__Exercise__. Copy every record below exactly, leaving out any pictures.

....

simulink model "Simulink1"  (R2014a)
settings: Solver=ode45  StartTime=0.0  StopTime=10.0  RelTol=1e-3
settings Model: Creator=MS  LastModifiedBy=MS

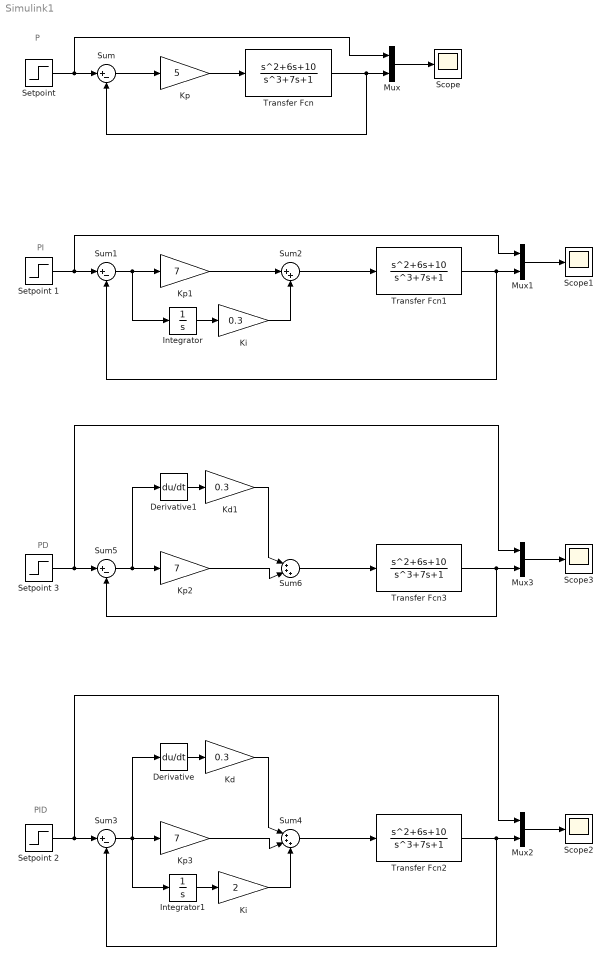
== system Simulink1 ==
  note: PI
  note: PD
  note: PID
  note: P
  Derivative : Derivative
  Derivative1 : Derivative
  Integrator : Integrator
  Integrator1 : Integrator
  Kd : Gain  Gain=0.3
  Kd1 : Gain  Gain=0.3
  Ki : Gain  Gain=2
  "Ki " : Gain  Gain=0.3
  Kp : Gain  Gain=5
  Kp1 : Gain  Gain=7
  Kp2 : Gain  Gain=7
  Kp3 : Gain  Gain=7
  Mux{,1..3} (4 alike) : Mux  Inputs=2
  Scope{,1..3} (4 alike) : Scope
      Scope settings: YMax=350
      Scope1 settings: YMax=350
      Scope2 settings: YMax=350  SaveName=ScopeData2
      Scope3 settings: YMax=350  SaveName=ScopeData3
  Setpoint {,1..3} (4 alike) : Step  Time=0  After=0.3  SampleTime=0
  Sum{,1,3,5} (4 alike) : Sum  Inputs=|+-
  Sum2 : Sum  Inputs=|++
  Sum4 : Sum  Inputs=|+++
  Sum6 : Sum  Inputs=|+++
  Transfer Fcn{,1..3} (4 alike) : TransferFcn  Numerator=[1,6,10]  Denominator=[1,0,7,1]
  wires:
  Transfer Fcn/1 -> Mux/2, Sum/2
  Kp/1 -> Transfer Fcn/1
  Sum/1 -> Kp/1
  "Setpoint "/1 -> Mux/1, Sum/1
  Mux/1 -> Scope/1
  Transfer Fcn1/1 -> Mux1/2, Sum1/2
  Sum1/1 -> Integrator/1, Kp1/1
  Setpoint 1/1 -> Mux1/1, Sum1/1
  Mux1/1 -> Scope1/1
  Integrator/1 -> "Ki "/1
  Kp1/1 -> Sum2/1
  Sum2/1 -> Transfer Fcn1/1
  "Ki "/1 -> Sum2/2
  Transfer Fcn2/1 -> Mux2/2, Sum3/2
  Sum3/1 -> Derivative/1, Integrator1/1, Kp3/1
  Setpoint 2/1 -> Mux2/1, Sum3/1
  Mux2/1 -> Scope2/1
  Integrator1/1 -> Ki/1
  Kp3/1 -> Sum4/2
  Sum4/1 -> Transfer Fcn2/1
  Ki/1 -> Sum4/3
  Derivative/1 -> Kd/1
  Kd/1 -> Sum4/1
  Transfer Fcn3/1 -> Mux3/2, Sum5/2
  Sum5/1 -> Derivative1/1, Kp2/1
  Setpoint 3/1 -> Mux3/1, Sum5/1
  Mux3/1 -> Scope3/1
  Kp2/1 -> Sum6/2
  Sum6/1 -> Transfer Fcn3/1
  Derivative1/1 -> Kd1/1
  Kd1/1 -> Sum6/1

....

__Solution to this exercise__.
simulink model "Simulink1"  (R2014a)
settings: Solver=ode45  StartTime=0.0  StopTime=10.0  RelTol=1e-3
settings Model: Creator=MS  LastModifiedBy=MS

== system Simulink1 ==
  note: PI
  note: PD
  note: PID
  note: P
  Derivative : Derivative
  Derivative1 : Derivative
  Integrator : Integrator
  Integrator1 : Integrator
  Kd : Gain  Gain=0.3
  Kd1 : Gain  Gain=0.3
  Ki : Gain  Gain=2
  "Ki " : Gain  Gain=0.3
  Kp : Gain  Gain=5
  Kp1 : Gain  Gain=7
  Kp2 : Gain  Gain=7
  Kp3 : Gain  Gain=7
  Mux{,1..3} (4 alike) : Mux  Inputs=2
  Scope{,1..3} (4 alike) : Scope
      Scope settings: YMax=350
      Scope1 settings: YMax=350
      Scope2 settings: YMax=350  SaveName=ScopeData2
      Scope3 settings: YMax=350  SaveName=ScopeData3
  Setpoint {,1..3} (4 alike) : Step  Time=0  After=0.3  SampleTime=0
  Sum{,1,3,5} (4 alike) : Sum  Inputs=|+-
  Sum2 : Sum  Inputs=|++
  Sum4 : Sum  Inputs=|+++
  Sum6 : Sum  Inputs=|+++
  Transfer Fcn{,1..3} (4 alike) : TransferFcn  Numerator=[1,6,10]  Denominator=[1,0,7,1]
  wires:
  Transfer Fcn/1 -> Mux/2, Sum/2
  Kp/1 -> Transfer Fcn/1
  Sum/1 -> Kp/1
  "Setpoint "/1 -> Mux/1, Sum/1
  Mux/1 -> Scope/1
  Transfer Fcn1/1 -> Mux1/2, Sum1/2
  Sum1/1 -> Integrator/1, Kp1/1
  Setpoint 1/1 -> Mux1/1, Sum1/1
  Mux1/1 -> Scope1/1
  Integrator/1 -> "Ki "/1
  Kp1/1 -> Sum2/1
  Sum2/1 -> Transfer Fcn1/1
  "Ki "/1 -> Sum2/2
  Transfer Fcn2/1 -> Mux2/2, Sum3/2
  Sum3/1 -> Derivative/1, Integrator1/1, Kp3/1
  Setpoint 2/1 -> Mux2/1, Sum3/1
  Mux2/1 -> Scope2/1
  Integrator1/1 -> Ki/1
  Kp3/1 -> Sum4/2
  Sum4/1 -> Transfer Fcn2/1
  Ki/1 -> Sum4/3
  Derivative/1 -> Kd/1
  Kd/1 -> Sum4/1
  Transfer Fcn3/1 -> Mux3/2, Sum5/2
  Sum5/1 -> Derivative1/1, Kp2/1
  Setpoint 3/1 -> Mux3/1, Sum5/1
  Mux3/1 -> Scope3/1
  Kp2/1 -> Sum6/2
  Sum6/1 -> Transfer Fcn3/1
  Derivative1/1 -> Kd1/1
  Kd1/1 -> Sum6/1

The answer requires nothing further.